Given the information I had three years ago and today I made the

right choice for me. I'm 53 and do not suffer side effects from the

radiation. Some loss of potency was healed with prophylactic use of

ED medicine. I had to figure this out by my own research; it is now

becoming a common recovery protocol after surgery or radiation. I

have some narrowing of the urethra for which I might receive a

channel TURP, it might be a consequence of the radiation. I had no

rectal or urinary damage and no bleeding whatsoever. I had the ever-

popular sunburns on each hip.

Most Proton Bob members (as we're called) do a lot of research. We

are of a mindset that we have received the best there is to receive.

It's almost cult-like. We spend 9 weeks together and have the option

to participate in weekly group sessions; sharing PSA and Gleason

scores, grandkid and fishing stories, golf scores and mildly dirty

jokes in front of 100 other guys and their wives. There are scheduled

BBQs and day-trips. Many lifetime friendships are made. I made one

very good friend. I chose not to join the activities as I'm a

private person and felt comparatively young with different concerns

and worries. I traveled from the San Francisco area for nine weeks

for weekday treatments and traveled home each weekend. I took work

with me to Loma . It was my time for valuable introspection,

priority setting and re-training my dietary habits. For me, it

wasn't really a " vacation " but a passage to a healthier life.

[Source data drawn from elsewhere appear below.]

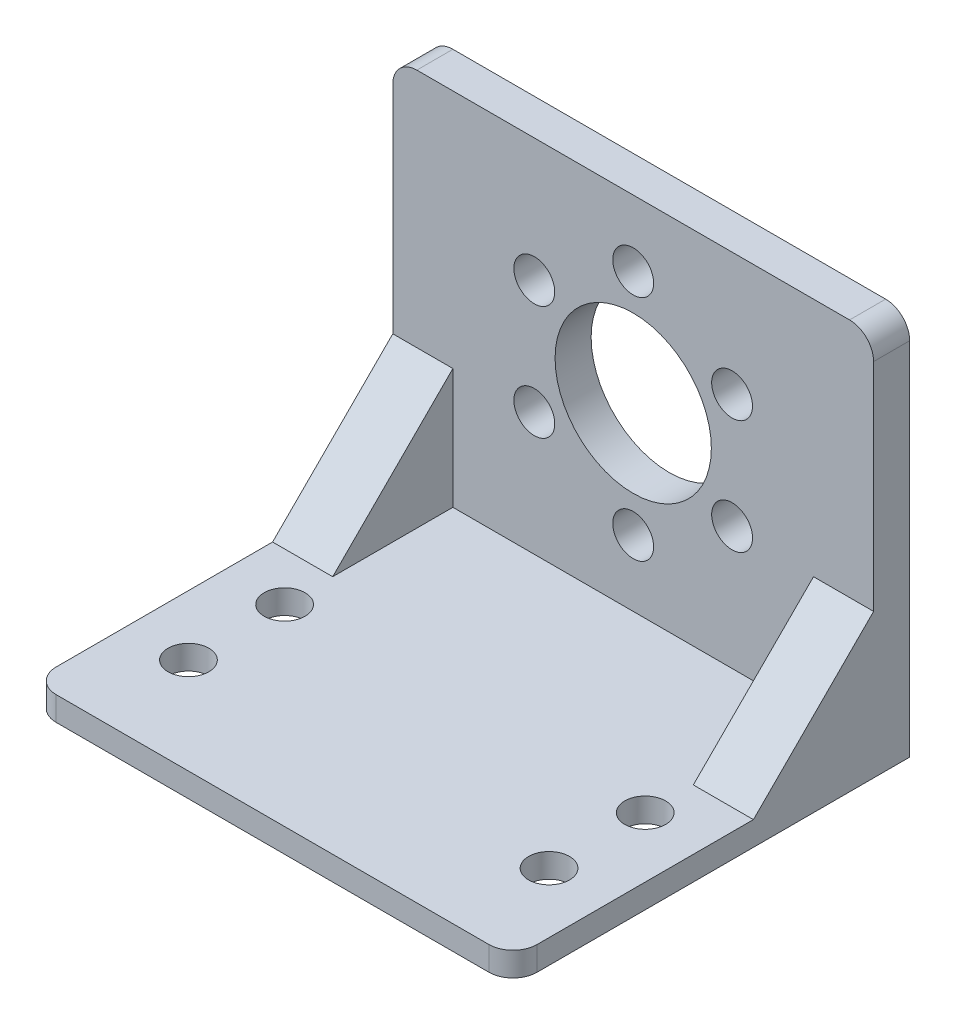
from build123d import *

# Parameters (mm, degrees)
SKETCH_2_W          = 40
SKETCH_2_H          = 32
SKETCH_2_R          = 1.7
EXTRUDE_2_DEPTH     = 3
CUT_EXTRUDE_1_REACH = 39.855
SKETCH_3_R          = 6.5
SKETCH_4_W          = 40
SKETCH_4_H          = 2
EXTRUDE_3_DEPTH     = 30
EXTRUDE_4_DEPTH     = 5
FILLET_1_R          = 2
SKETCH_6_R          = 1.7
CUT_EXTRUDE_2_DEPTH = 10


with BuildPart() as part:
    # 草图2 → 凸台-拉伸2 (new body)
    with BuildSketch(Plane.XY):
        with Locations((0, 16)):
            Rectangle(SKETCH_2_W, SKETCH_2_H)
        with Locations((0, 26.5)):
            Circle(SKETCH_2_R, mode=Mode.SUBTRACT)
        with Locations((8.227241336, 21.75)):
            Circle(SKETCH_2_R, mode=Mode.SUBTRACT)
        with Locations((8.227241336, 12.25)):
            Circle(SKETCH_2_R, mode=Mode.SUBTRACT)
        with Locations((0, 7.5)):
            Circle(SKETCH_2_R, mode=Mode.SUBTRACT)
        with Locations((-8.227241336, 12.25)):
            Circle(SKETCH_2_R, mode=Mode.SUBTRACT)
        with Locations((-8.227241336, 21.75)):
            Circle(SKETCH_2_R, mode=Mode.SUBTRACT)
    extrude(amount=EXTRUDE_2_DEPTH)

    # 草图3 → 切除-拉伸1 (cut, up to next)
    with BuildSketch(Plane.XY.offset(3), mode=Mode.PRIVATE) as cut_extrude_1_sk1:
        with Locations((0, 17)):
            Circle(SKETCH_3_R)
    cut_extrude_1_tool1 = extrude(cut_extrude_1_sk1.sketch, amount=-CUT_EXTRUDE_1_REACH, mode=Mode.PRIVATE) & part.part
    add(cut_extrude_1_tool1.solids().sort_by_distance((0, 17, 3))[0], mode=Mode.SUBTRACT)

    # 草图4 → 凸台-拉伸3 (add)
    with BuildSketch(Plane.XY.offset(3)):
        with Locations((0, 1)):
            Rectangle(SKETCH_4_W, SKETCH_4_H)
    extrude(amount=EXTRUDE_3_DEPTH)

    # 草图5 → 凸台-拉伸4 (add)
    with BuildSketch(Plane.ZY.offset(20)):
        Polygon((3, 12), (13, 2), (3, 2), align=None)
    extrude_4 = extrude(amount=-EXTRUDE_4_DEPTH)

    # 镜向1: 凸台-拉伸4 across plane
    add(extrude_4.mirror(Plane(origin=(0, 0, 0), x_dir=(0, 0, 1), z_dir=(1, 0, 0))))

    # 圆角1
    fillet_1_edges = [part.edges().sort_by_distance(p)[0] for p in [
        (-20, 1, 33),
        (20, 1, 33),
        (-20, 32, 1.5),
        (20, 32, 1.5),
    ]]
    fillet(fillet_1_edges, radius=FILLET_1_R)

    # 草图6 → 切除-拉伸2 (cut)
    with BuildSketch(Plane(origin=(0, 2, 0), x_dir=(1, 0, 0), z_dir=(0, 1, 0))):
        with Locations(Location((-15, -17, 0), (0, 0, 270))):
            Circle(SKETCH_6_R)
        with Locations(Location((15, -17, 0), (0, 0, 270))):
            Circle(SKETCH_6_R)
        with Locations(Location((-15, -25, 0), (0, 0, 270))):
            Circle(SKETCH_6_R)
        with Locations(Location((15, -25, 0), (0, 0, 270))):
            Circle(SKETCH_6_R)
    extrude(amount=-CUT_EXTRUDE_2_DEPTH, mode=Mode.SUBTRACT)


solid = part.part

The support structure at Loma University Medical Center

reinforces the notion that " we " are in a special club so we are prone

to believe other surgery or other radiation treatments are " lesser " .

One risk with this mindset is that we might believe we no longer have

a disease. I let this happen to me. Nobody who's been diagnosed

with cancer can accurately say they've been cured and of course this

includes the Proton Bobs. I had a rise in PSA this year, possibly

only a post-radiation PSA spike. I have seen many experts and had

many tests. There is probably not any systemic disease but I likely

have recurrent cancer, evidenced by one core of eleven in a repeat

biopsy; dx'd as " adenomcarcinoma with treatment effect " , the other

ten are " benign with treatment effect " . Before radiation I had

sixteen positive cores. There is consensus that a small part of my

prostate was under-irradiated in the Loma protocol.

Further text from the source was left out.